**WORK REQUIRED:**
Could you restate all of the records below exactly, with the pictures left out?

╭─ MATERIAL PROVIDED

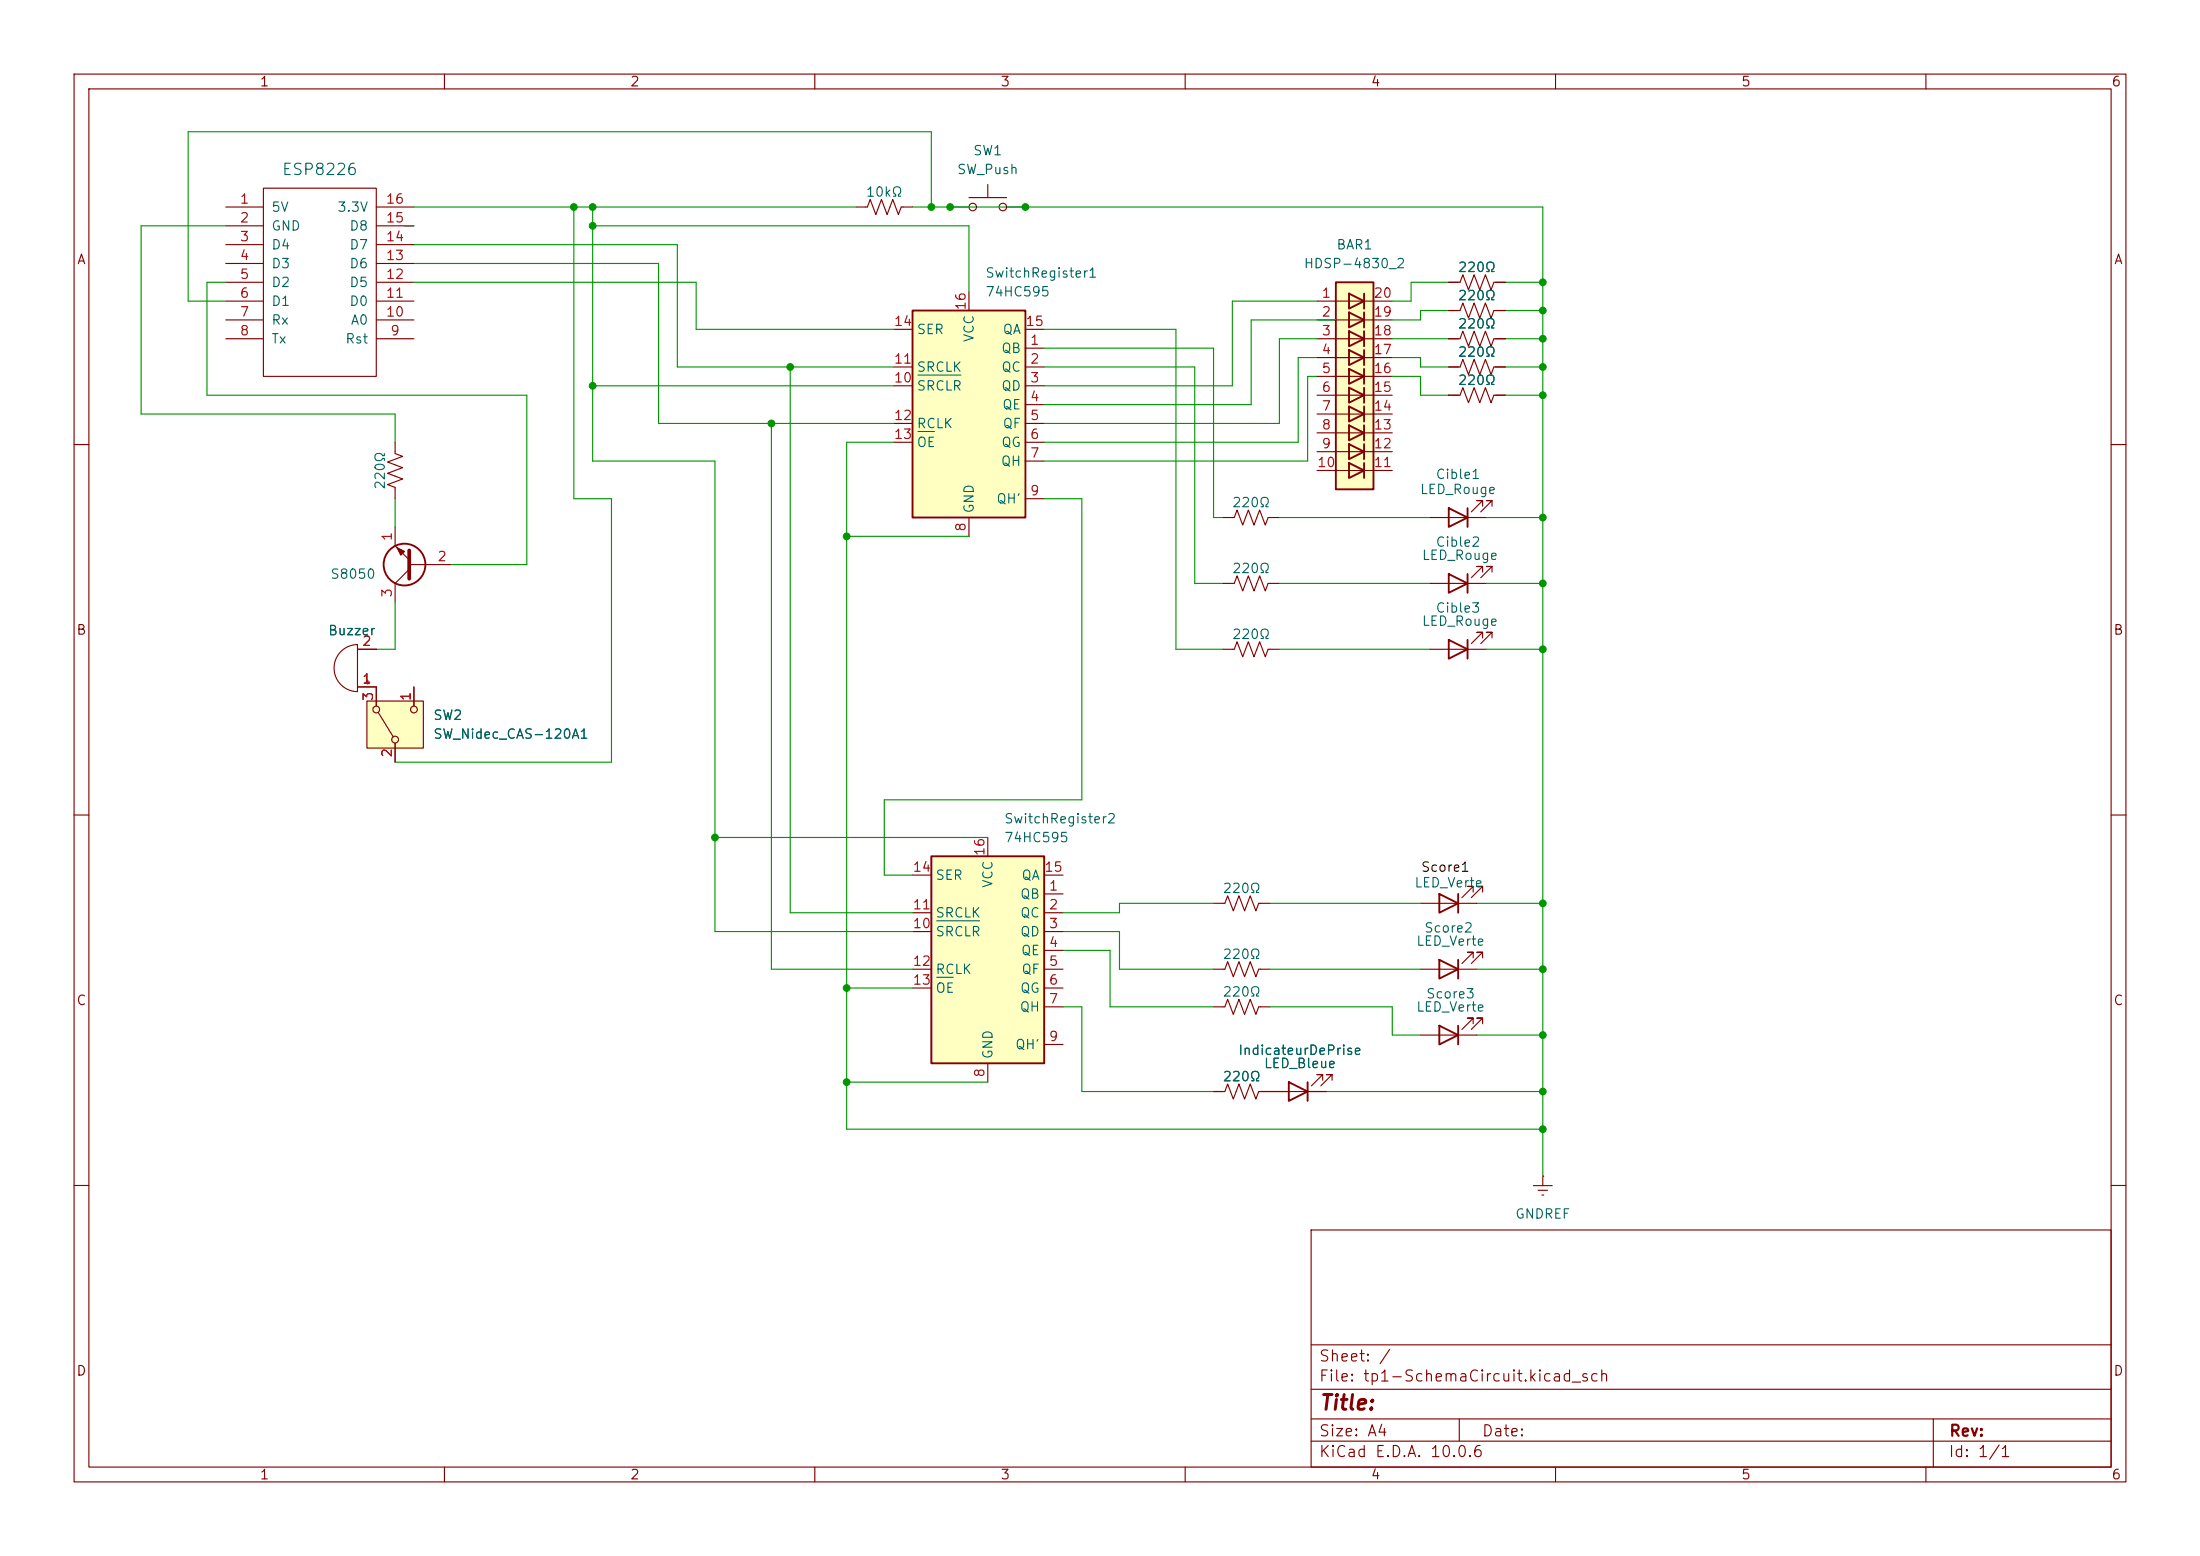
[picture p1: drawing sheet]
<svg xmlns="http://www.w3.org/2000/svg" width="297mm" height="210mm" viewBox="0 0 297 210" stroke-linecap="round" stroke-linejoin="round" font-family="sans-serif">
<g fill="none" stroke="#840000" stroke-width=".15">
<path d="M10 10h277v190h-277zM12 12h273v186h-273zM60 10v2M110 10v2M160 10v2M210 10v2M260 10v2M10 60h2M53.3 71.1v2.6l1.9 1.9M55.2 76.2h5.8M55.2 76.8l-1.9 1.9v2.6M165.1 69.9h1.5l.4-1.1 .8 2.1 .7-2.1 .8 2.1 .8-2.1 .7 2.1 .4-1h1.5"/>
<path d="M285 60h2M165.1 87.6h1.5l.4-1 .8 2 .7-2 .8 2 .8-2 .7 2 .4-1h1.5M10 110h2M285 110h2M163.8 130.8h1.6l.3-1 .8 2 .8-2 .7 2 .8-2 .7 2 .4-1h1.5M163.8 121.9h1.6l.3-1 .8 2 .8-2 .7 2 .8-2 .7 2 .4-1h1.5M163.8 135.9h1.6l.3-1 .8 2 .8-2 .7 2 .8-2 .7 2 .4-1h1.5M191.8 121.9h7.6M198.9 120.4v-.8h-.8h.8l-1.5 1.6M200.2 120.4v-.8h-.8h.8l-1.6 1.6M171.4 147.3h7.7M178.6 145.8v-.8h-.8h.8l-1.6 1.6"/>
<path d="M179.8 145.8v-.8h-.7h.7l-1.5 1.6M208.3 158.8h.1M208.3 158.8v1.2M10 160h2M177 166h108v32h-108zM207 160h2.5M207.6 160.7h1.3M208.2 161.3h.2M285 160h2M60 198v2M110 198v2M160 198v2"/>
<path d="M177 194.5h108M177 191.5h108M177 187.5h108M177 181.5h108M197 191.5v3M210 198v2M260 198v2M261 191.5v6.5"/>
</g>
<g fill="none" stroke="#840000" stroke-width=".25">
<path d="M194.3 120.7l2.5 1.2-2.5 1.3zM196.8 120.7v2.5M174 146.1l2.5 1.2-2.5 1.3zM176.5 146.1v2.5"/>
<circle cx="54.6" cy="76.2" r="2.82"/>
</g>
<path d="M55.2 74.3v3.8" fill="none" stroke="#840000" stroke-width=".51"/>
<path d="M53.6 73.9l1 .5-.5 .5z" fill="#840000" stroke="#840000" stroke-width=".15"/>
<path d="M49.5 94.6h7.6v6.4h-7.6z" fill="#ffffc2"/>
<g fill="none" stroke="#840000" stroke-width=".15">
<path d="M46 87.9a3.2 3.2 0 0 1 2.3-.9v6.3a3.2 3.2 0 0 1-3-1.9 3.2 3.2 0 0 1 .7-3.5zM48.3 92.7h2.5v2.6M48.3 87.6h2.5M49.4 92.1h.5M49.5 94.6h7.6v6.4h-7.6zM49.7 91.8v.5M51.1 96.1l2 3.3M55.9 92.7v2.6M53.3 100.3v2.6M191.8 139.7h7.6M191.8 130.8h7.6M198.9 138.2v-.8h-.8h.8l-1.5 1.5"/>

╰─

**ANSWER AREA:**
[picture p1: drawing sheet]
<svg xmlns="http://www.w3.org/2000/svg" width="297mm" height="210mm" viewBox="0 0 297 210" stroke-linecap="round" stroke-linejoin="round" font-family="sans-serif">
<g fill="none" stroke="#840000" stroke-width=".15">
<path d="M10 10h277v190h-277zM12 12h273v186h-273zM60 10v2M110 10v2M160 10v2M210 10v2M260 10v2M10 60h2M53.3 71.1v2.6l1.9 1.9M55.2 76.2h5.8M55.2 76.8l-1.9 1.9v2.6M165.1 69.9h1.5l.4-1.1 .8 2.1 .7-2.1 .8 2.1 .8-2.1 .7 2.1 .4-1h1.5"/>
<path d="M285 60h2M165.1 87.6h1.5l.4-1 .8 2 .7-2 .8 2 .8-2 .7 2 .4-1h1.5M10 110h2M285 110h2M163.8 130.8h1.6l.3-1 .8 2 .8-2 .7 2 .8-2 .7 2 .4-1h1.5M163.8 121.9h1.6l.3-1 .8 2 .8-2 .7 2 .8-2 .7 2 .4-1h1.5M163.8 135.9h1.6l.3-1 .8 2 .8-2 .7 2 .8-2 .7 2 .4-1h1.5M191.8 121.9h7.6M198.9 120.4v-.8h-.8h.8l-1.5 1.6M200.2 120.4v-.8h-.8h.8l-1.6 1.6M171.4 147.3h7.7M178.6 145.8v-.8h-.8h.8l-1.6 1.6"/>
<path d="M179.8 145.8v-.8h-.7h.7l-1.5 1.6M208.3 158.8h.1M208.3 158.8v1.2M10 160h2M177 166h108v32h-108zM207 160h2.5M207.6 160.7h1.3M208.2 161.3h.2M285 160h2M60 198v2M110 198v2M160 198v2"/>
<path d="M177 194.5h108M177 191.5h108M177 187.5h108M177 181.5h108M197 191.5v3M210 198v2M260 198v2M261 191.5v6.5"/>
</g>
<g fill="none" stroke="#840000" stroke-width=".25">
<path d="M194.3 120.7l2.5 1.2-2.5 1.3zM196.8 120.7v2.5M174 146.1l2.5 1.2-2.5 1.3zM176.5 146.1v2.5"/>
<circle cx="54.6" cy="76.2" r="2.82"/>
</g>
<path d="M55.2 74.3v3.8" fill="none" stroke="#840000" stroke-width=".51"/>
<path d="M53.6 73.9l1 .5-.5 .5z" fill="#840000" stroke="#840000" stroke-width=".15"/>
<path d="M49.5 94.6h7.6v6.4h-7.6z" fill="#ffffc2"/>
<g fill="none" stroke="#840000" stroke-width=".15">
<path d="M46 87.9a3.2 3.2 0 0 1 2.3-.9v6.3a3.2 3.2 0 0 1-3-1.9 3.2 3.2 0 0 1 .7-3.5zM48.3 92.7h2.5v2.6M48.3 87.6h2.5M49.4 92.1h.5M49.5 94.6h7.6v6.4h-7.6zM49.7 91.8v.5M51.1 96.1l2 3.3M55.9 92.7v2.6M53.3 100.3v2.6M191.8 139.7h7.6M191.8 130.8h7.6M198.9 138.2v-.8h-.8h.8l-1.5 1.5"/>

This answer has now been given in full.